The product in question is real life tragedy and the play is about how it becomes commoditised for mass consumption, so we stop thinking about the issues. The film being pitched so relentlessly is a human interest drama featuring the still grieving widow of a 9/11 victim who cannot find love in her now meaningless existence of the corporate high life until she meets Mohammed, beds him  and then is drawn into a plot to destroy Europe (or at least Euro Disney). A straight-to-video B movie produced by Sylvester Stallone perhaps. At one level this is an ‘industry insider’ piece written by a man who must have had personally experience of the soul destroying experience that Leah is having.

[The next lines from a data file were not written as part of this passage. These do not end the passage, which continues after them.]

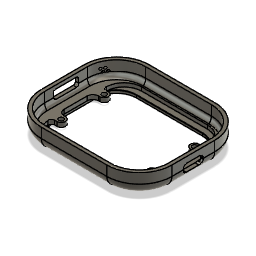
cube2025年6月14日 (Autodesk Fusion 360 design; units mm, degrees)
Autodesk Fusion 360 part; units mm, degrees
sketch "草图1" plane through (0, 0, 0) normal (0, 1, 0) x (1, 0, 0)
  line L0 (11.6, 15.075) -> (-11.6, 15.075)
  line L1 (-19.1, 7.575) -> (-19.1, -7.575)
  line L2 (-11.6, -15.075) -> (11.6, -15.075)
  line L3 (19.1, -7.575) -> (19.1, 7.575)
  line L4 (19.1, 15.075) -> (-19.1, -15.075) construction
  line L5 (-19.1, 15.075) -> (19.1, -15.075) construction
  arc A0 (-11.6, 15.075) -> (-19.1, 7.575) centre (-11.6, 7.575) ccw
  arc A1 (19.1, 7.575) -> (11.6, 15.075) centre (11.6, 7.575) ccw
  arc A2 (11.6, -15.075) -> (19.1, -7.575) centre (11.6, -7.575) ccw
  arc A3 (-19.1, -7.575) -> (-11.6, -15.075) centre (-11.6, -7.575) ccw
  dimension "d1" = 38.2
  dimension "d2" = 30.15
  dimension "d3" = 7.5
  dimension "d4" = 7.5
  constraint horizontal L0
  constraint perpendicular L0 L1
  constraint parallel L0 L2
  constraint parallel L1 L3
  constraint coincident L4 origin
  constraint coincident L5 origin
  constraint coincident L5.start L1
  constraint coincident L5.start L0
  constraint tangent L1 A0
  constraint tangent L0 A0
  constraint coincident L4.start L0
  constraint coincident L4.start L3
  constraint tangent L0 A1
  constraint tangent L3 A1
  constraint coincident L5.end L3
  constraint coincident L5.end L2
  constraint tangent L3 A2
  constraint tangent L2 A2
  constraint equal A1 A2
  constraint coincident L4.end L1
  constraint coincident L4.end L2
  constraint tangent L1 A3
  constraint tangent L2 A3
  constraint equal A1 A3
  measures "d1" distance of L4.end L5.end
  measures "d2" distance of L4.start L5.end
  measures "d3" radius of A0
  measures "d4" radius of A1
sketch "草图2" plane through (0, 0, 0) normal (0, 1, 0) x (1, 0, 0)
  circle A0 centre (17.3934, 13.5745) radius 0.65
  circle A1 centre (-17.3935, -13.5745) radius 0.65
  circle A2 centre (17.3934, -13.5745) radius 0.65
  circle A3 centre (-17.3935, 13.5745) radius 0.65
  arc A4 (-16.0995, 15.5745) -> (-19.3935, 12.4745) centre (-16.0995, 12.2745) ccw
  arc A5 (-19.3935, -12.4745) -> (-16.0995, -15.5745) centre (-16.0995, -12.2745) ccw
  arc A6 (16.0995, -15.5745) -> (19.3934, -12.4745) centre (16.0995, -12.2745) ccw
  line L0 (-16.0995, -15.5745) -> (16.0995, -15.5745)
  line L1 (19.3934, -12.4745) -> (19.3934, 12.4745)
  arc A7 (19.3934, 12.4745) -> (16.0995, 15.5745) centre (16.0995, 12.2745) ccw
  line L2 (-19.3935, 12.4745) -> (-19.3935, -12.4745)
  line L3 (16.0995, 15.5745) -> (-16.0995, 15.5745)
  line L4 (-17.3935, 13.5745) -> (17.3934, -13.5745)
  line L5 (17.3934, 13.5745) -> (-17.3935, -13.5745)
sketch "草图3" plane through (0, 0, 0) normal (0, 0, 1) x (1, 0, 0)
  line L0 (0, 0) -> (19.1, 0)
  line L1 (0, 0) -> (-19.1, 0)
  line L2 (0, 0) -> (0, 4.5)
  line L3 (0, 4.5) -> (23.1, 4.5)
  line L4 (0, 4.5) -> (-23.1, 4.5)
  line L5 (19.1, 0) -> (19.4, 0)
  line L6 (19.4, 0) -> (19.4, 0.5)
  line L7 (19.4, 0.5) -> (19.1, 0.5)
  line L8 (19.1, 0.5) -> (19.1, 0)
  line L9 (-19.1, 0) -> (-19.4, 0)
  line L10 (-19.4, 0) -> (-19.4, 0.5)
  line L11 (-19.4, 0.5) -> (-19.1, 0.5)
  line L12 (-19.1, 0.5) -> (-19.1, 0)
  circle A0 centre (19.1, 4.5) radius 4
  circle A1 centre (18.9017, 0.459) radius 0.5
  circle A2 centre (-19.1, 4.5) radius 4
  circle A3 centre (-18.9017, 0.459) radius 0.5
  circle A4 centre (19.1, 4.5) radius 2.8
  circle A5 centre (-19.1, 4.5) radius 2.8
  line L13 (0, 0) -> (0, 3)
  line L14 (0, 3) -> (21.5, 3)
  line L15 (0, 3) -> (-21.5, 3)
  dimension "d5" = 19.1
  dimension "d6" = 19.1
  dimension "d7" = 4.5
  dimension "d8" = 23.1
  dimension "d9" = 23.1
  dimension "d10" = 0.3
  dimension "d11" = 0.5
  dimension "d12" = 0.3
  dimension "d13" = 0.5
  dimension "d14" = 8
  dimension "d15" = 1
  dimension "d16" = 8
  dimension "d17" = 1
  dimension "d45" = 5.6
  dimension "d46" = 5.6
  dimension "d47" = 3
  constraint coincident L0.start L1.start
  constraint perpendicular L0 L2
  constraint perpendicular L2 L3
  constraint perpendicular L2 L4
  constraint horizontal L5
  constraint vertical L6
  constraint horizontal L7
  constraint vertical L8
  constraint horizontal L9
  constraint vertical L10
  constraint horizontal L11
  constraint vertical L12
  constraint coincident L7.end A0
  constraint coincident L3.end A0
  constraint coincident L0.end A1
  constraint coincident L6.end A1
  constraint coincident L4.end A2
  constraint coincident L11.end A2
  constraint coincident L10.end A3
  constraint coincident L1.end A3
  constraint concentric A0 A4
  constraint concentric A2 A5
  constraint perpendicular L0 L13
  constraint perpendicular L13 L14
  constraint perpendicular L2 L15
  measures "d5" distance of L0.start L0.end
  measures "d6" distance of L0.start L1.end
  measures "d7" distance of L0.start L2.end
  measures "d8" distance of L2.end L3.end
  measures "d9" distance of L2.end L4.end
  measures "d10" distance of L0.end L5.end
  measures "d11" distance of L0.end L7.end
  measures "d12" distance of L1.end L9.end
  measures "d13" distance of L9.end L10.end
  measures "d14" diameter of A0
  measures "d15" diameter of A1
  measures "d16" diameter of A2
  measures "d17" diameter of A3
  measures "d45" diameter of A4
  measures "d46" diameter of A5
  measures "d47" distance of L0.start L13.end
extrude "拉伸1" add sketch "草图3" along normal blind 7.575 contours L0 L2 A0 A1 L13 L14 | L1 L2 A2 A3 L13 L15 | L0 L8 A0 A1 | L0 A1 | L1 A3 | L1 L12 A2 A3 | L6 L7 L8 A1 | A0 A1 | L3 A0 A1 A4 L14 | L10 L11 L12 A3 | L4 A2 A3 A5 L15 | L7 A0 A1 | L11 A2 A3 | A2 A3 | A4 L14 | A5 L15 makes body 1
extrude "拉伸2" add 1 faces at (-11.3651, 1, 0) along direction (0, 0, -1) blind 7.575 on bodies 1 bodies 1
sketch "草图4" plane through (0, 0, 0) normal (1, 0, 0) x (0, 0, -1)
  line L0 (27, 17) -> (-34, 17)
  line L1 (-34, 17) -> (-34, -12)
  line L2 (-34, -12) -> (27, -12)
  line L3 (27, -12) -> (27, 17)
  constraint horizontal L0
  constraint vertical L1
  constraint horizontal L2
  constraint vertical L3
extrude "拉伸3" add sketch "草图4" along normal blind 11.6 bodies 1
sweep "扫掠1" add 1 faces at (13.9678, 1, -7.575) path "草图1" along A0 L1 A3 L2 A2 L3 A1 L0 on bodies 1 bodies 1
extrude "拉伸4" cut 1 faces at (11.6, 2.9679, 29.0101) along direction (-1, 0, 0) blind 17 on bodies 1 bodies 1
extrude "拉伸8" add 6 faces at (22.7, 4.5, 2.525) (3.8667, 4.5, -18.275) (3.8667, 4.5, 18.275) (-1.8, 4.5, -18.675) (-1.8, 4.5, 18.275) (-22.7, 4.5, 2.525) along direction (0, 1, 0) blind 3.5 separate body on bodies 1 makes body 2
extrude "拉伸9" cut 4 faces at (14.8881, 3, 2.525) (3.8667, 3, -5.8131) (-3.6, 3, 5.8131) (-10.7548, 3, -2.525) along direction (0, -1, 0) blind 0.5 on bodies 1 bodies 1
sketch "草图7" plane through (0, 0, 0) normal (0, -1, 0) x (1, 0, 0)
  arc A0 (11.6, -14.6784) -> (18.7034, -7.575) centre (11.6, -7.575) ccw
  line L0 (18.7034, -7.575) -> (18.7034, 7.575)
  arc A1 (18.7034, 7.575) -> (11.6, 14.6784) centre (11.6, 7.575) ccw
  line L1 (11.6, 14.6784) -> (-11.6, 14.6784)
  arc A2 (-11.6, 14.6784) -> (-18.7034, 7.575) centre (-11.6, 7.575) ccw
  line L2 (-18.7034, 7.575) -> (-18.7034, -7.575)
  arc A3 (-18.7034, -7.575) -> (-11.6, -14.6784) centre (-11.6, -7.575) ccw
  line L3 (-11.6, -14.6784) -> (11.6, -14.6784)
  line L4 (16, 7.575) -> (-16, 7.575)
  line L5 (-16, 7.575) -> (-16, -7.575)
  line L6 (-16, -7.575) -> (16, -7.575)
  line L7 (16, -7.575) -> (16, 7.575)
  line L8 (16, 7.575) -> (-16, -7.575) construction
  line L9 (-16, 7.575) -> (16, -7.575) construction
  line L10 (-11.6005, -14.4785) -> (11.6005, -14.4785)
  line L11 (18.5035, -4.075) -> (18.5035, 4.075)
  line L12 (11.6005, 14.4785) -> (-11.6005, 14.4785)
  line L13 (-18.5035, 4.075) -> (-18.5035, -4.075)
  line L14 (-18.5035, -14.4785) -> (18.5035, 14.4785) construction
  line L15 (18.5035, -14.4785) -> (-18.5035, 14.4785) construction
  arc A4 (11.6005, -14.4785) -> (17.8541, -10.4984) centre (11.6005, -7.5755) ccw
  arc A5 (-17.8541, -10.4984) -> (-11.6005, -14.4785) centre (-11.6005, -7.5755) ccw
  arc A6 (-11.6005, 14.4785) -> (-17.8541, 10.4984) centre (-11.6005, 7.5755) ccw
  arc A7 (17.8541, 10.4984) -> (11.6005, 14.4785) centre (11.6005, 7.5755) ccw
  circle A8 centre (16, -7.575) radius 1.5
  circle A9 centre (-16, -7.575) radius 1.5
  circle A10 centre (-16, 7.575) radius 1.5
  circle A11 centre (16, 7.575) radius 1.5
  line L16 (16, -7.575) -> (16, -9.075)
  line L17 (16, -9.075) -> (16.9482, -9.075)
  line L18 (14.5, -7.575) -> (14.5, 7.575)
  line L19 (16, 7.575) -> (16, 9.075)
  line L20 (16, 9.075) -> (16.9482, 9.075)
  line L21 (-16, -7.575) -> (-16, -9.075)
  line L22 (-16, -9.075) -> (-16.9482, -9.075)
  line L23 (-14.5, -7.575) -> (-14.5, 7.575)
  line L24 (-16, 7.575) -> (-16, 9.075)
  line L25 (-16, 9.075) -> (-16.9482, 9.075)
  arc A12 (17.8541, -10.4984) -> (16.9482, -9.075) centre (16.9482, -10.075) ccw
  arc A13 (16.9482, 9.075) -> (17.8541, 10.4984) centre (16.9482, 10.075) ccw
  arc A14 (-16.9482, -9.075) -> (-17.8541, -10.4984) centre (-16.9482, -10.075) ccw
  arc A15 (-17.8541, 10.4984) -> (-16.9482, 9.075) centre (-16.9482, 10.075) ccw
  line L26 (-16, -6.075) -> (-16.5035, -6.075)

In-jokes about notes for actors, the skills of theatre writers versus film script hacks, and the allure of product placement to secure funding are littered throughout but in no way stop the piece being accessible for the whole audience.

This production is a simple set-up and focuses on Poulet’s high energy performance, supported by a very funny soundtrack of cheesy pop, totally at odds with the subject matter of the film. At times some really garish lighting reminds us that if the film by some miracle every got into production then any trace of subtlety or vestiges of serious tone it had left would be annihilated by very tacky in-your-face production values.

The only minor quibble with the context is that, because the piece was written in 2005 to reflect current affairs then, it now feels a bit dated, particular as a very much alive Osama makes a cameo appearance. However there is no shortage of more recent acts of terror to choose from which you can substitute for yourself and the horror of 9/11 and the fall out (Iraq, Afghanistan) is symbolic rather than the point of the piece.

 Poulet is an experienced stage actor, and also getting known for stage and film writing, but will probably be more familiar to TV audiences as The Thick of It and In The Loop as arch-bitch Tory fixer Emma Messenger. In her hands Ravenhill’s play takes on another layer  and raises the question as to why a woman would want to promote a film which is so harsh to its female protagonist. As a woman desperate to succeed in such a macho industry is Leah so blinkered to how she is prostituting herself?

The weakness with the production is that at an hour it begins to feel like a single interesting idea stretched too thin. Poulet would do well to stop her repeated use of her one prop, the paper copy of the script. Once it is established that she is ‘doing all the voices’ the audience doesn’t need it in her hand as a reminder.

Overall, though, this piece still has the power to provoke and question how we all collude in the seediness of a serious issue being mangled for mass entertainment, and Olivia Poulet is an engaging and entertaining actor to watch.